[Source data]
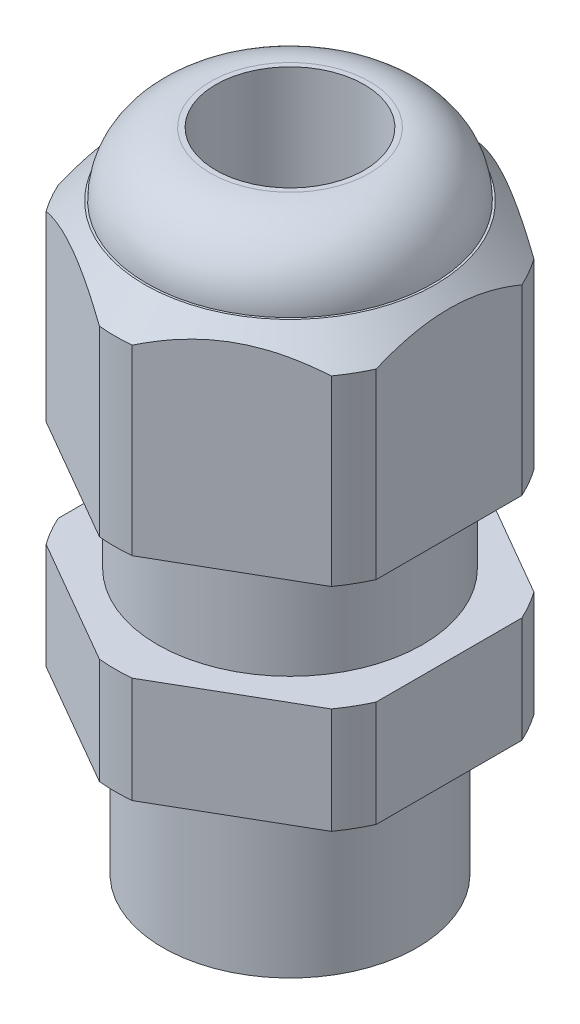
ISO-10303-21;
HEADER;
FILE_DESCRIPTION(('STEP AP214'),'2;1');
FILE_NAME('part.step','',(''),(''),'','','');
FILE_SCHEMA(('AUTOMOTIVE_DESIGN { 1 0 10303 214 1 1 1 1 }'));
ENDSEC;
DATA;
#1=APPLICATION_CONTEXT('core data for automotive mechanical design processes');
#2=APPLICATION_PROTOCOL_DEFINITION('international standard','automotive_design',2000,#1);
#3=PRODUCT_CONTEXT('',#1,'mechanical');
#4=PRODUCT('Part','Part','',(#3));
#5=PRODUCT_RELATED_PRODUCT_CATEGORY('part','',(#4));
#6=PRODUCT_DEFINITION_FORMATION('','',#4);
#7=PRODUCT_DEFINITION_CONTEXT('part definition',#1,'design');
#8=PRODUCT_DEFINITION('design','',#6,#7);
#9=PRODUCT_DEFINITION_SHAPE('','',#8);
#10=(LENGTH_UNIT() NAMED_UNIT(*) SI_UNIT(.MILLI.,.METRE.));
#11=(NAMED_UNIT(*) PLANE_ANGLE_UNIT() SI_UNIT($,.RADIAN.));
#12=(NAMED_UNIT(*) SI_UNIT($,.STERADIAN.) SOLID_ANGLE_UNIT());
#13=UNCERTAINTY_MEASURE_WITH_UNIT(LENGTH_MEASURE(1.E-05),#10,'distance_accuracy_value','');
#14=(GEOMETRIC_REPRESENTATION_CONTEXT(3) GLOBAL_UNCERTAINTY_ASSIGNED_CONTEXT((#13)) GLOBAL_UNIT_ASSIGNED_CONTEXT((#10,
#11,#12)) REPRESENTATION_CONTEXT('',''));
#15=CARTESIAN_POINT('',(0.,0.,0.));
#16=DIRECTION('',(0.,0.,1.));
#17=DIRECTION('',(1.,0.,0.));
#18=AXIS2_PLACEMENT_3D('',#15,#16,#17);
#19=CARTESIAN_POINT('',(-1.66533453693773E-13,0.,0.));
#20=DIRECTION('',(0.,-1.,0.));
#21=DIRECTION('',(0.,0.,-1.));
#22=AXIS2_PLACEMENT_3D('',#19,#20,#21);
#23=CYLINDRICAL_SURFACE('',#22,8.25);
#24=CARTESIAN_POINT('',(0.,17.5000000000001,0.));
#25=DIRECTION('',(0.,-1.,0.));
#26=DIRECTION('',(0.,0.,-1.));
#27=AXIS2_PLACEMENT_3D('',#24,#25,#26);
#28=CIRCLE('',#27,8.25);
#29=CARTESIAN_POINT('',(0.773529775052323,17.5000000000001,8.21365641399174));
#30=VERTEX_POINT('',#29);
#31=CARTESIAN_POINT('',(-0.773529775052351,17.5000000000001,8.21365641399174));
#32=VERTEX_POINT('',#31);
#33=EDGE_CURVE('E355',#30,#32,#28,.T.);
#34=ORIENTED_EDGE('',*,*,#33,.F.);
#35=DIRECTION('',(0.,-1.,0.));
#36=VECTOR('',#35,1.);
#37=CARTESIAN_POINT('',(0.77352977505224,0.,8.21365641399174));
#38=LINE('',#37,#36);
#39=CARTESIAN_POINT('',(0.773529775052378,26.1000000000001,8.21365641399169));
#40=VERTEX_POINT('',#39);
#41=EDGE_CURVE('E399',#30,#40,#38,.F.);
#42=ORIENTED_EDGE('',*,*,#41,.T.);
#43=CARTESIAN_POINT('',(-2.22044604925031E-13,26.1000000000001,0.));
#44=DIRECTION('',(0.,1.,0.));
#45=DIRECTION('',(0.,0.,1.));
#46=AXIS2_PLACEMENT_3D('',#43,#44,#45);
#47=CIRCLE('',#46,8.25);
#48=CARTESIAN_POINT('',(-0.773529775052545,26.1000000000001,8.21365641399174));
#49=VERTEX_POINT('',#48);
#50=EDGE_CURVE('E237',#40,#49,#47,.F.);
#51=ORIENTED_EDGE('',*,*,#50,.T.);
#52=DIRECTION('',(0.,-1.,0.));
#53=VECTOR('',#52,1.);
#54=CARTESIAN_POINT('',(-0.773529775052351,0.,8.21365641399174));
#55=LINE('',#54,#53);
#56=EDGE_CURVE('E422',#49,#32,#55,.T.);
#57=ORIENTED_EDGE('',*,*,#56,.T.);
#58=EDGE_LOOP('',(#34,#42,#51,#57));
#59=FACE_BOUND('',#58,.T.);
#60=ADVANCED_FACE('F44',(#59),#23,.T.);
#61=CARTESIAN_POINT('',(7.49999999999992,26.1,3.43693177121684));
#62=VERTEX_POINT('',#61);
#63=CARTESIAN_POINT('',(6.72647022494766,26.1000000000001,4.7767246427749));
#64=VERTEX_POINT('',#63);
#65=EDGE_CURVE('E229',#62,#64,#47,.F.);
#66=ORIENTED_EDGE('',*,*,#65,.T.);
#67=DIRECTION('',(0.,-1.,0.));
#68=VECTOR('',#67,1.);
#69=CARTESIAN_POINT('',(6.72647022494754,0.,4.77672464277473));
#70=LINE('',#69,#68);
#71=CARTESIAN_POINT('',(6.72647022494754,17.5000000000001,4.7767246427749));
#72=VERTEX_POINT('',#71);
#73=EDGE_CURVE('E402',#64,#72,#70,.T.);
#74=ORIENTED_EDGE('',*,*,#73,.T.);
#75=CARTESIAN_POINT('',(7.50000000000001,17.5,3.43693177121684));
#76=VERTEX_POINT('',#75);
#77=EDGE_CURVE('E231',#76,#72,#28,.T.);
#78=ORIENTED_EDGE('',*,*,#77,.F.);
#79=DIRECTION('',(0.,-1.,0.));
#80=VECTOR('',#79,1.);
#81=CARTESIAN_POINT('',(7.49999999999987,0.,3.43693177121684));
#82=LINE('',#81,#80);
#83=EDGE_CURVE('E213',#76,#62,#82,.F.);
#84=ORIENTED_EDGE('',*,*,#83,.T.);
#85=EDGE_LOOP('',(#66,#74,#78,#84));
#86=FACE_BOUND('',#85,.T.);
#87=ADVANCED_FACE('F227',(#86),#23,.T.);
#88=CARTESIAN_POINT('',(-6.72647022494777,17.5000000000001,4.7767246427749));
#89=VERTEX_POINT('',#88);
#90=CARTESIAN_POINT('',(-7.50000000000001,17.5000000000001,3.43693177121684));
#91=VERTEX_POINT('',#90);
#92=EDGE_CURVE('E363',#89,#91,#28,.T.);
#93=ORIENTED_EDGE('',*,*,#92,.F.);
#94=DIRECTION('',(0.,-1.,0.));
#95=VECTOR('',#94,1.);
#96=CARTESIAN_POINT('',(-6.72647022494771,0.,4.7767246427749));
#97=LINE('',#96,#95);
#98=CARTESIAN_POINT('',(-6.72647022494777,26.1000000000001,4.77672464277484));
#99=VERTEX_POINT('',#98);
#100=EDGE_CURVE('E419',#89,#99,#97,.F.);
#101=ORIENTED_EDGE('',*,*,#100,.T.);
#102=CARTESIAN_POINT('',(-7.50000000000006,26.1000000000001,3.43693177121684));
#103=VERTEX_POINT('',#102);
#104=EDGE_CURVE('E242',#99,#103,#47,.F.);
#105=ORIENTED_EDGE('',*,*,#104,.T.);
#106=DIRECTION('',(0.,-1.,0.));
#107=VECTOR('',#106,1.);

ABOUT THIS TASK:
Only lines belong in the copy, not pictures: write out exactly the lines of the records from the first through the one holding "#11,#12)) REPRESENTATION_CONTEXT('',''));".

WRITTEN SOLUTION:
ISO-10303-21;
HEADER;
FILE_DESCRIPTION(('STEP AP214'),'2;1');
FILE_NAME('part.step','',(''),(''),'','','');
FILE_SCHEMA(('AUTOMOTIVE_DESIGN { 1 0 10303 214 1 1 1 1 }'));
ENDSEC;
DATA;
#1=APPLICATION_CONTEXT('core data for automotive mechanical design processes');
#2=APPLICATION_PROTOCOL_DEFINITION('international standard','automotive_design',2000,#1);
#3=PRODUCT_CONTEXT('',#1,'mechanical');
#4=PRODUCT('Part','Part','',(#3));
#5=PRODUCT_RELATED_PRODUCT_CATEGORY('part','',(#4));
#6=PRODUCT_DEFINITION_FORMATION('','',#4);
#7=PRODUCT_DEFINITION_CONTEXT('part definition',#1,'design');
#8=PRODUCT_DEFINITION('design','',#6,#7);
#9=PRODUCT_DEFINITION_SHAPE('','',#8);
#10=(LENGTH_UNIT() NAMED_UNIT(*) SI_UNIT(.MILLI.,.METRE.));
#11=(NAMED_UNIT(*) PLANE_ANGLE_UNIT() SI_UNIT($,.RADIAN.));
#12=(NAMED_UNIT(*) SI_UNIT($,.STERADIAN.) SOLID_ANGLE_UNIT());
#13=UNCERTAINTY_MEASURE_WITH_UNIT(LENGTH_MEASURE(1.E-05),#10,'distance_accuracy_value','');
#14=(GEOMETRIC_REPRESENTATION_CONTEXT(3) GLOBAL_UNCERTAINTY_ASSIGNED_CONTEXT((#13)) GLOBAL_UNIT_ASSIGNED_CONTEXT((#10,
#11,#12)) REPRESENTATION_CONTEXT('',''));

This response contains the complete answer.